§ **Directions**:
For each entry below, write an exact copy and leave out the images.
*** Data for this task
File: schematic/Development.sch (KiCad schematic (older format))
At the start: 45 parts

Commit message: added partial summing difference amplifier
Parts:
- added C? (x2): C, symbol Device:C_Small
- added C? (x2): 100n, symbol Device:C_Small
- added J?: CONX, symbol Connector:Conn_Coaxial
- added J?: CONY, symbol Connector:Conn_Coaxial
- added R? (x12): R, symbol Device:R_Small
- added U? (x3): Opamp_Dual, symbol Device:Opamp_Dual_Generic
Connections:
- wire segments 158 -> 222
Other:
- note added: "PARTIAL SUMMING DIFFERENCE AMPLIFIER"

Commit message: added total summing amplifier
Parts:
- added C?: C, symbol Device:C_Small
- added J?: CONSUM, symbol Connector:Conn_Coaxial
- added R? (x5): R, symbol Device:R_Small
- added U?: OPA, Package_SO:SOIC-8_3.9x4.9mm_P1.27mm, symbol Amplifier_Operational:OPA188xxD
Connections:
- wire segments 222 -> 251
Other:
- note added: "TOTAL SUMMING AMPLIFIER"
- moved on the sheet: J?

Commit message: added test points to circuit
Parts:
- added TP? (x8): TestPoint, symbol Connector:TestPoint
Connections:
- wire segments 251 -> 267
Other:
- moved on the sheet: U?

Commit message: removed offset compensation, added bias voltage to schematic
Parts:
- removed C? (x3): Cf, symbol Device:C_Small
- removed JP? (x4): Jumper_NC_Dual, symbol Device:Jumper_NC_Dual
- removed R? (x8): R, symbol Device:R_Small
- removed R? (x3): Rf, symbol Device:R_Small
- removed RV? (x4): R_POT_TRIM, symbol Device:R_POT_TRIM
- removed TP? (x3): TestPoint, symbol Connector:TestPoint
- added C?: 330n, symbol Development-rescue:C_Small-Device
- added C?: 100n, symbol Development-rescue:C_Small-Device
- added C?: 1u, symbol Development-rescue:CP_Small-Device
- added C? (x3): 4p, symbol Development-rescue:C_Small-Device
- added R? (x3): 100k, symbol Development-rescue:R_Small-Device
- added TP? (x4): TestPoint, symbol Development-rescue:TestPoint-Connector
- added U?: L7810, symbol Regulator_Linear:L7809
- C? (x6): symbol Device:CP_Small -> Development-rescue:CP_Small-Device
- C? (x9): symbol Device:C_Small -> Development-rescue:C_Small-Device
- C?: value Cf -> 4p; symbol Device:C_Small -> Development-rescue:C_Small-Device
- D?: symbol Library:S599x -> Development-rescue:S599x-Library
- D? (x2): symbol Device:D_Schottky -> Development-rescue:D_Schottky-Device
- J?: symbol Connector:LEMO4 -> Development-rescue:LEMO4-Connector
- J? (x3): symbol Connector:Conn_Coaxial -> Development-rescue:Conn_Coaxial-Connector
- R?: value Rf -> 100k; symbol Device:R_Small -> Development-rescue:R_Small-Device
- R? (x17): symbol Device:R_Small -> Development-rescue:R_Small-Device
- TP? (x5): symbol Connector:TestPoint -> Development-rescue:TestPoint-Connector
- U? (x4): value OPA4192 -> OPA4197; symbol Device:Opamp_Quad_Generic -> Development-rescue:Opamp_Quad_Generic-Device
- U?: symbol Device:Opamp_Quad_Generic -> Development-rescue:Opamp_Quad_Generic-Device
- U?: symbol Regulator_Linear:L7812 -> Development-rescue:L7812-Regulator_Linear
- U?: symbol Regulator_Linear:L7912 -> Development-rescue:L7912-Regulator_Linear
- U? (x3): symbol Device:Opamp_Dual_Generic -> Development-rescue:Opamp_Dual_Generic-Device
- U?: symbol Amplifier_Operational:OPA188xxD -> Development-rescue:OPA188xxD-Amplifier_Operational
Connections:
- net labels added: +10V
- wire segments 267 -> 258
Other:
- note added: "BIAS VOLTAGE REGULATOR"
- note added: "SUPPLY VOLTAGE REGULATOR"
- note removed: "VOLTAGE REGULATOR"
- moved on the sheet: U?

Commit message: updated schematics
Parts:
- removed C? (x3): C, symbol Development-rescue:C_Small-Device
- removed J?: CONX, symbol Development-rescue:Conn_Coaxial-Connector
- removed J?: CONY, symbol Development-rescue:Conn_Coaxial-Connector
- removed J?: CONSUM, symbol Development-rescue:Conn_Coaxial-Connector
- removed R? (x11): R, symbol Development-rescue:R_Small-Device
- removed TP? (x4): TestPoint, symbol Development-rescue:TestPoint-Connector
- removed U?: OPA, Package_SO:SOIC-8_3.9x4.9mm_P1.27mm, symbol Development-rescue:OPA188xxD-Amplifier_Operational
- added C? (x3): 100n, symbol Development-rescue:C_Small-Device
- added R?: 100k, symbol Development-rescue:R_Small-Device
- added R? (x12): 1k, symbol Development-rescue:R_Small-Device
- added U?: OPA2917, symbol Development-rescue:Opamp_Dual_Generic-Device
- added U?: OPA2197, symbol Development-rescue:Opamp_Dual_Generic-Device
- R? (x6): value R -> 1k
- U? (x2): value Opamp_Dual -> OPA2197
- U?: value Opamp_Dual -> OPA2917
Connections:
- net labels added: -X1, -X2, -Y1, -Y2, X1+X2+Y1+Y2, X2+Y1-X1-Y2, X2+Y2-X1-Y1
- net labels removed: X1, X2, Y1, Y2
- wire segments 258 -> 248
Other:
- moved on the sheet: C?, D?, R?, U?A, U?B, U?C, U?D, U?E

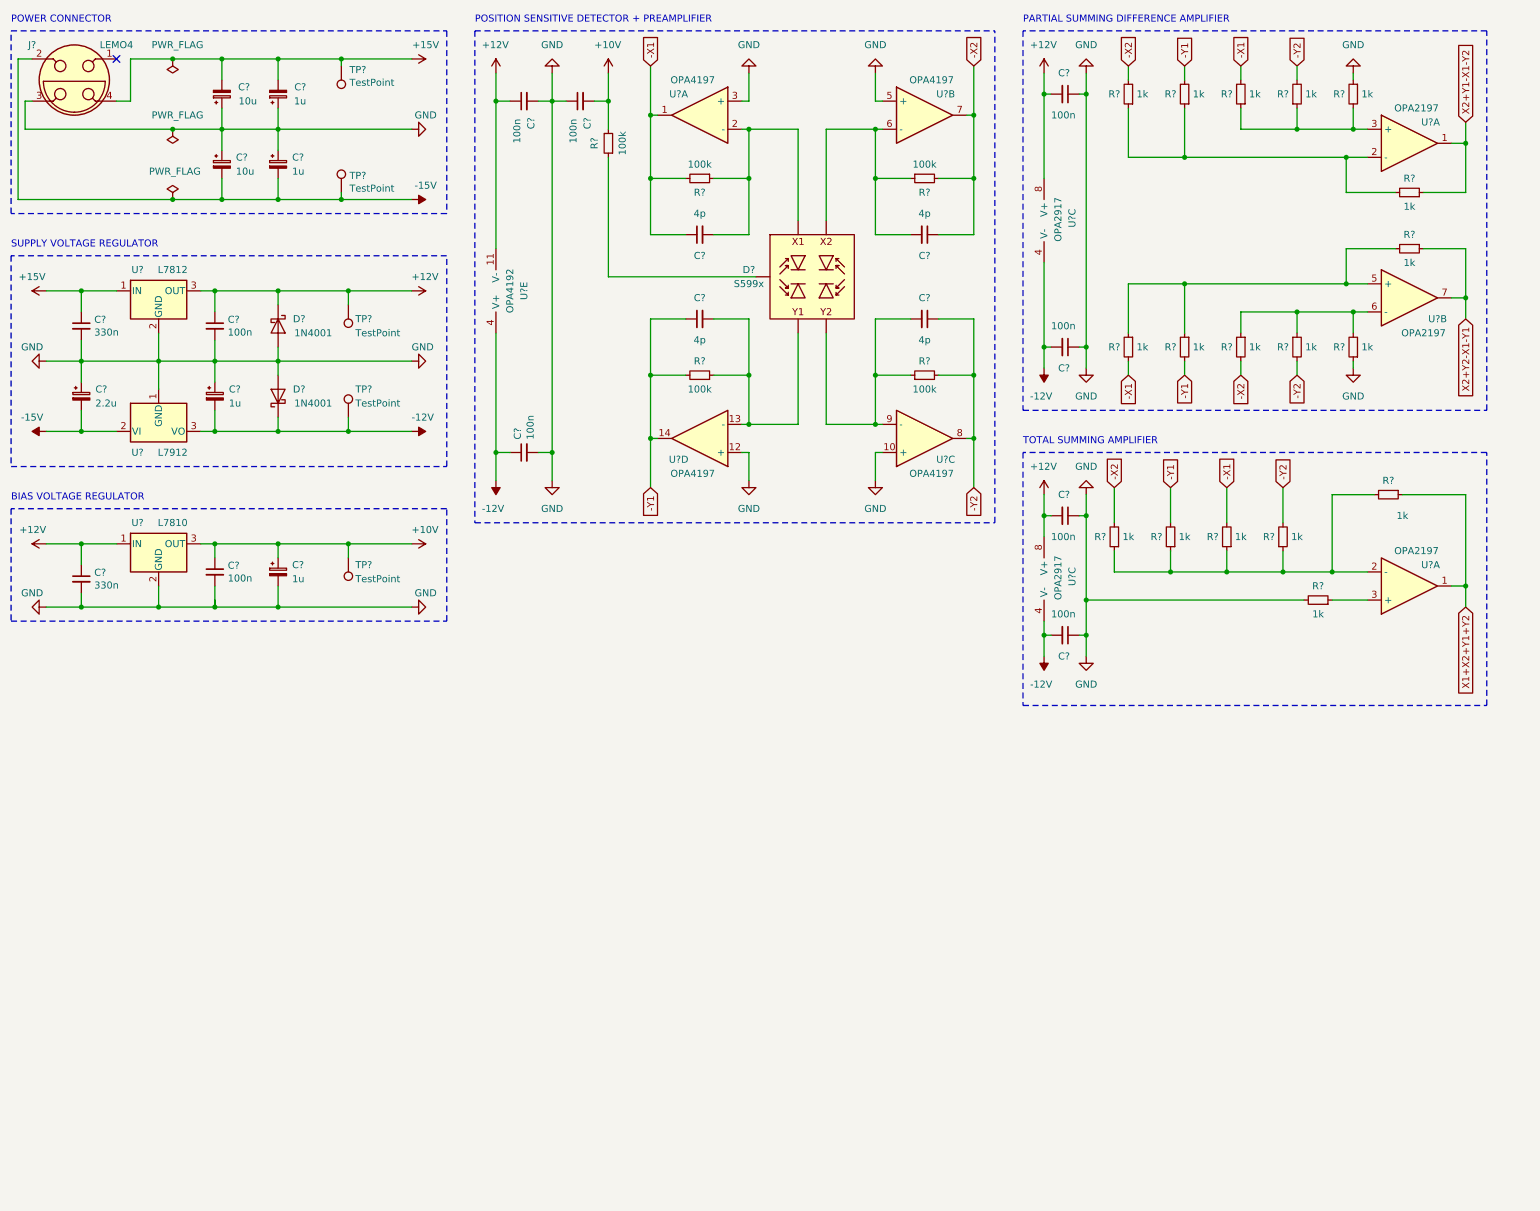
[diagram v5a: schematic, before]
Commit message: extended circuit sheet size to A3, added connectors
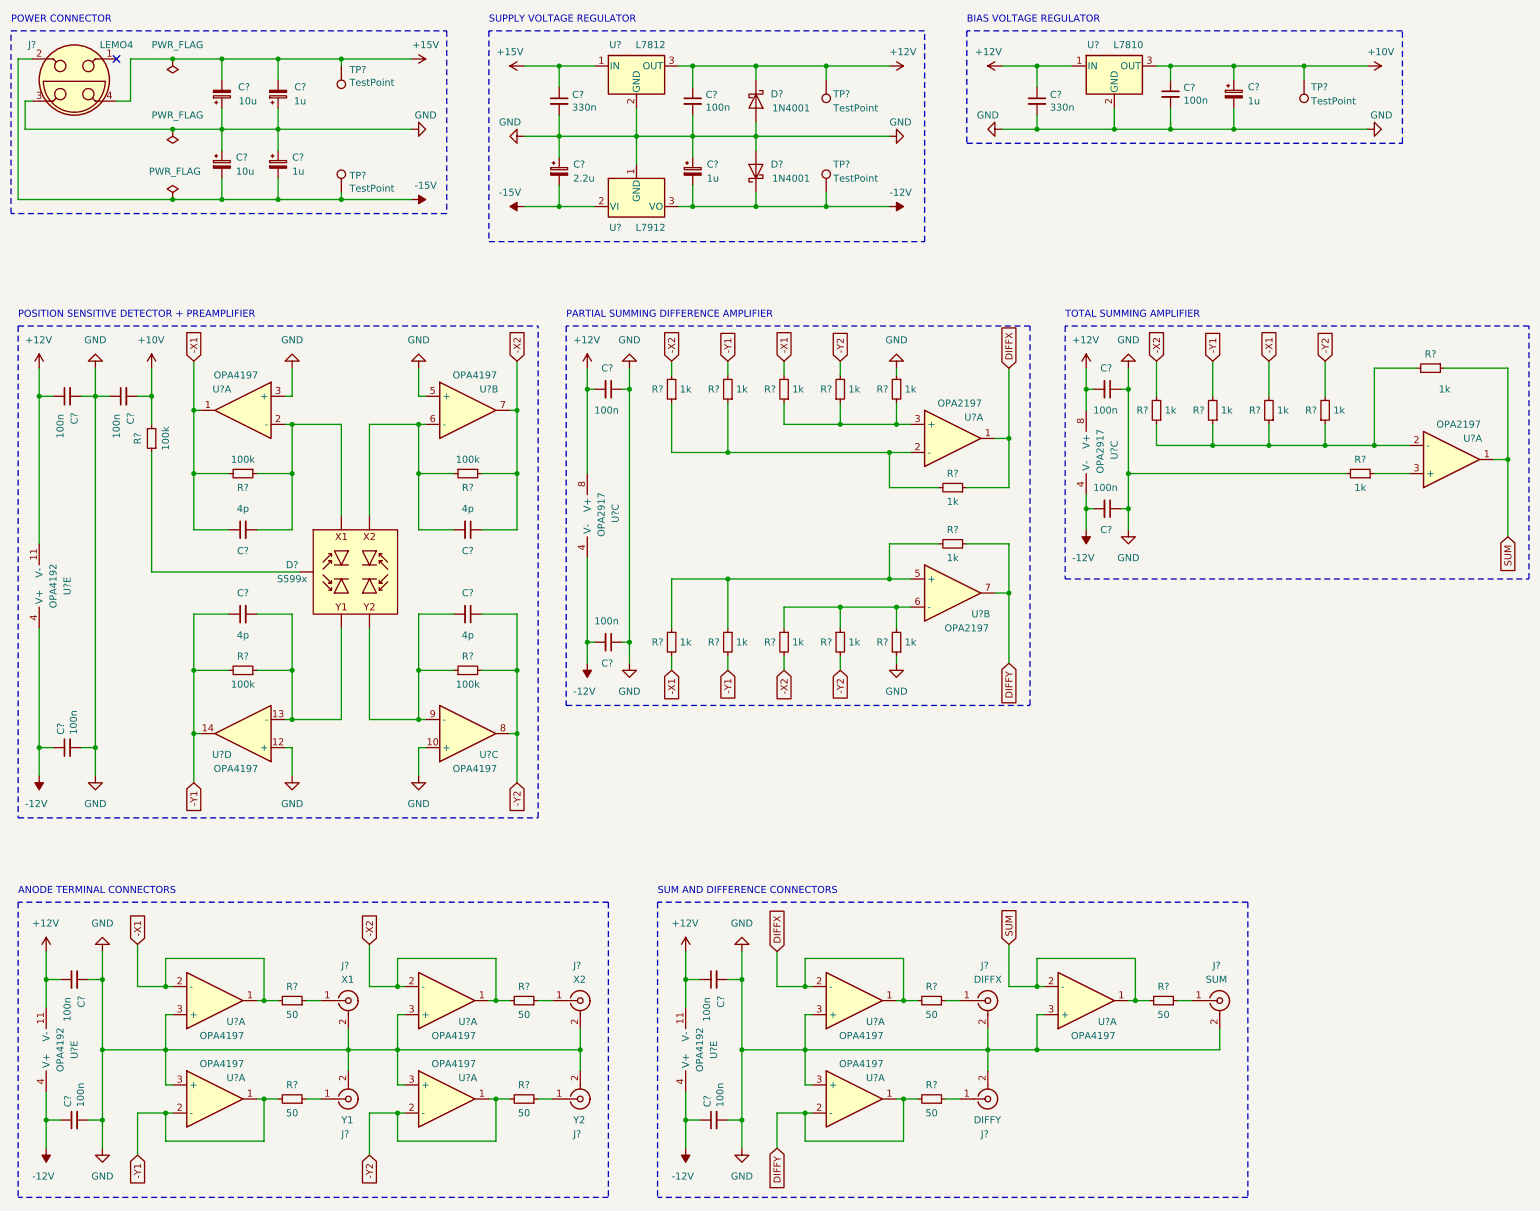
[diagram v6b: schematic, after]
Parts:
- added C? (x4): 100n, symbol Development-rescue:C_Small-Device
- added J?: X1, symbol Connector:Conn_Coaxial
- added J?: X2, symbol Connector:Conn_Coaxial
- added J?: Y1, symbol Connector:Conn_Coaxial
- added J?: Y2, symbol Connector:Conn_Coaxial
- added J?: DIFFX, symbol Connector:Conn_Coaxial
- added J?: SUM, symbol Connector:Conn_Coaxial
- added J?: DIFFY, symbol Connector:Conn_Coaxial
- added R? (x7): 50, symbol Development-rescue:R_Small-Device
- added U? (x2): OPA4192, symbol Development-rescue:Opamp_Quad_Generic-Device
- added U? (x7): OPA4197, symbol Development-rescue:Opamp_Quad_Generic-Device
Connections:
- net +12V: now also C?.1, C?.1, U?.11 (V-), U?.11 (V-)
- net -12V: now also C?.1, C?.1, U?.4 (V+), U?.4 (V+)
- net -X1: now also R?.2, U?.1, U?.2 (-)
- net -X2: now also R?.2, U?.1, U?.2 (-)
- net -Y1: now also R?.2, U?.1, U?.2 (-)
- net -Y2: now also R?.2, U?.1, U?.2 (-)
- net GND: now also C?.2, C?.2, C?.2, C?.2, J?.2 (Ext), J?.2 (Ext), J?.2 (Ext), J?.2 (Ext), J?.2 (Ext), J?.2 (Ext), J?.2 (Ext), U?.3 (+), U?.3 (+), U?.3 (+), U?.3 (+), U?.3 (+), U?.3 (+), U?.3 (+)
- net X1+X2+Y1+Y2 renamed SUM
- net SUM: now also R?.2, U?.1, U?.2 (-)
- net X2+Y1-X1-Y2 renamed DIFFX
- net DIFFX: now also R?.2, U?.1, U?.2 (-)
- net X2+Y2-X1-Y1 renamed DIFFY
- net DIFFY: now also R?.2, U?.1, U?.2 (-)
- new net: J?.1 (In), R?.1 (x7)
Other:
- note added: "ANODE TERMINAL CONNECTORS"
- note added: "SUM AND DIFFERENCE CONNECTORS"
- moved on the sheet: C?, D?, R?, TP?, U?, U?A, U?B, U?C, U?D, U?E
******
§ **Solution to the problem**:
File: schematic/Development.sch (KiCad schematic (older format))
At the start: 45 parts

Commit message: added partial summing difference amplifier
Parts:
- added C? (x2): C, symbol Device:C_Small
- added C? (x2): 100n, symbol Device:C_Small
- added J?: CONX, symbol Connector:Conn_Coaxial
- added J?: CONY, symbol Connector:Conn_Coaxial
- added R? (x12): R, symbol Device:R_Small
- added U? (x3): Opamp_Dual, symbol Device:Opamp_Dual_Generic
Connections:
- wire segments 158 -> 222
Other:
- note added: "PARTIAL SUMMING DIFFERENCE AMPLIFIER"

Commit message: added total summing amplifier
Parts:
- added C?: C, symbol Device:C_Small
- added J?: CONSUM, symbol Connector:Conn_Coaxial
- added R? (x5): R, symbol Device:R_Small
- added U?: OPA, Package_SO:SOIC-8_3.9x4.9mm_P1.27mm, symbol Amplifier_Operational:OPA188xxD
Connections:
- wire segments 222 -> 251
Other:
- note added: "TOTAL SUMMING AMPLIFIER"
- moved on the sheet: J?

Commit message: added test points to circuit
Parts:
- added TP? (x8): TestPoint, symbol Connector:TestPoint
Connections:
- wire segments 251 -> 267
Other:
- moved on the sheet: U?

Commit message: removed offset compensation, added bias voltage to schematic
Parts:
- removed C? (x3): Cf, symbol Device:C_Small
- removed JP? (x4): Jumper_NC_Dual, symbol Device:Jumper_NC_Dual
- removed R? (x8): R, symbol Device:R_Small
- removed R? (x3): Rf, symbol Device:R_Small
- removed RV? (x4): R_POT_TRIM, symbol Device:R_POT_TRIM
- removed TP? (x3): TestPoint, symbol Connector:TestPoint
- added C?: 330n, symbol Development-rescue:C_Small-Device
- added C?: 100n, symbol Development-rescue:C_Small-Device
- added C?: 1u, symbol Development-rescue:CP_Small-Device
- added C? (x3): 4p, symbol Development-rescue:C_Small-Device
- added R? (x3): 100k, symbol Development-rescue:R_Small-Device
- added TP? (x4): TestPoint, symbol Development-rescue:TestPoint-Connector
- added U?: L7810, symbol Regulator_Linear:L7809
- C? (x6): symbol Device:CP_Small -> Development-rescue:CP_Small-Device
- C? (x9): symbol Device:C_Small -> Development-rescue:C_Small-Device
- C?: value Cf -> 4p; symbol Device:C_Small -> Development-rescue:C_Small-Device
- D?: symbol Library:S599x -> Development-rescue:S599x-Library
- D? (x2): symbol Device:D_Schottky -> Development-rescue:D_Schottky-Device
- J?: symbol Connector:LEMO4 -> Development-rescue:LEMO4-Connector
- J? (x3): symbol Connector:Conn_Coaxial -> Development-rescue:Conn_Coaxial-Connector
- R?: value Rf -> 100k; symbol Device:R_Small -> Development-rescue:R_Small-Device
- R? (x17): symbol Device:R_Small -> Development-rescue:R_Small-Device
- TP? (x5): symbol Connector:TestPoint -> Development-rescue:TestPoint-Connector
- U? (x4): value OPA4192 -> OPA4197; symbol Device:Opamp_Quad_Generic -> Development-rescue:Opamp_Quad_Generic-Device
- U?: symbol Device:Opamp_Quad_Generic -> Development-rescue:Opamp_Quad_Generic-Device
- U?: symbol Regulator_Linear:L7812 -> Development-rescue:L7812-Regulator_Linear
- U?: symbol Regulator_Linear:L7912 -> Development-rescue:L7912-Regulator_Linear
- U? (x3): symbol Device:Opamp_Dual_Generic -> Development-rescue:Opamp_Dual_Generic-Device
- U?: symbol Amplifier_Operational:OPA188xxD -> Development-rescue:OPA188xxD-Amplifier_Operational
Connections:
- net labels added: +10V
- wire segments 267 -> 258
Other:
- note added: "BIAS VOLTAGE REGULATOR"
- note added: "SUPPLY VOLTAGE REGULATOR"
- note removed: "VOLTAGE REGULATOR"
- moved on the sheet: U?

Commit message: updated schematics
Parts:
- removed C? (x3): C, symbol Development-rescue:C_Small-Device
- removed J?: CONX, symbol Development-rescue:Conn_Coaxial-Connector
- removed J?: CONY, symbol Development-rescue:Conn_Coaxial-Connector
- removed J?: CONSUM, symbol Development-rescue:Conn_Coaxial-Connector
- removed R? (x11): R, symbol Development-rescue:R_Small-Device
- removed TP? (x4): TestPoint, symbol Development-rescue:TestPoint-Connector
- removed U?: OPA, Package_SO:SOIC-8_3.9x4.9mm_P1.27mm, symbol Development-rescue:OPA188xxD-Amplifier_Operational
- added C? (x3): 100n, symbol Development-rescue:C_Small-Device
- added R?: 100k, symbol Development-rescue:R_Small-Device
- added R? (x12): 1k, symbol Development-rescue:R_Small-Device
- added U?: OPA2917, symbol Development-rescue:Opamp_Dual_Generic-Device
- added U?: OPA2197, symbol Development-rescue:Opamp_Dual_Generic-Device
- R? (x6): value R -> 1k
- U? (x2): value Opamp_Dual -> OPA2197
- U?: value Opamp_Dual -> OPA2917
Connections:
- net labels added: -X1, -X2, -Y1, -Y2, X1+X2+Y1+Y2, X2+Y1-X1-Y2, X2+Y2-X1-Y1
- net labels removed: X1, X2, Y1, Y2
- wire segments 258 -> 248
Other:
- moved on the sheet: C?, D?, R?, U?A, U?B, U?C, U?D, U?E

[diagram v5a: schematic, before]
Commit message: extended circuit sheet size to A3, added connectors
[diagram v6b: schematic, after]
Parts:
- added C? (x4): 100n, symbol Development-rescue:C_Small-Device
- added J?: X1, symbol Connector:Conn_Coaxial
- added J?: X2, symbol Connector:Conn_Coaxial
- added J?: Y1, symbol Connector:Conn_Coaxial
- added J?: Y2, symbol Connector:Conn_Coaxial
- added J?: DIFFX, symbol Connector:Conn_Coaxial
- added J?: SUM, symbol Connector:Conn_Coaxial
- added J?: DIFFY, symbol Connector:Conn_Coaxial
- added R? (x7): 50, symbol Development-rescue:R_Small-Device
- added U? (x2): OPA4192, symbol Development-rescue:Opamp_Quad_Generic-Device
- added U? (x7): OPA4197, symbol Development-rescue:Opamp_Quad_Generic-Device
Connections:
- net +12V: now also C?.1, C?.1, U?.11 (V-), U?.11 (V-)
- net -12V: now also C?.1, C?.1, U?.4 (V+), U?.4 (V+)
- net -X1: now also R?.2, U?.1, U?.2 (-)
- net -X2: now also R?.2, U?.1, U?.2 (-)
- net -Y1: now also R?.2, U?.1, U?.2 (-)
- net -Y2: now also R?.2, U?.1, U?.2 (-)
- net GND: now also C?.2, C?.2, C?.2, C?.2, J?.2 (Ext), J?.2 (Ext), J?.2 (Ext), J?.2 (Ext), J?.2 (Ext), J?.2 (Ext), J?.2 (Ext), U?.3 (+), U?.3 (+), U?.3 (+), U?.3 (+), U?.3 (+), U?.3 (+), U?.3 (+)
- net X1+X2+Y1+Y2 renamed SUM
- net SUM: now also R?.2, U?.1, U?.2 (-)
- net X2+Y1-X1-Y2 renamed DIFFX
- net DIFFX: now also R?.2, U?.1, U?.2 (-)
- net X2+Y2-X1-Y1 renamed DIFFY
- net DIFFY: now also R?.2, U?.1, U?.2 (-)
- new net: J?.1 (In), R?.1 (x7)
Other:
- note added: "ANODE TERMINAL CONNECTORS"
- note added: "SUM AND DIFFERENCE CONNECTORS"
- moved on the sheet: C?, D?, R?, TP?, U?, U?A, U?B, U?C, U?D, U?E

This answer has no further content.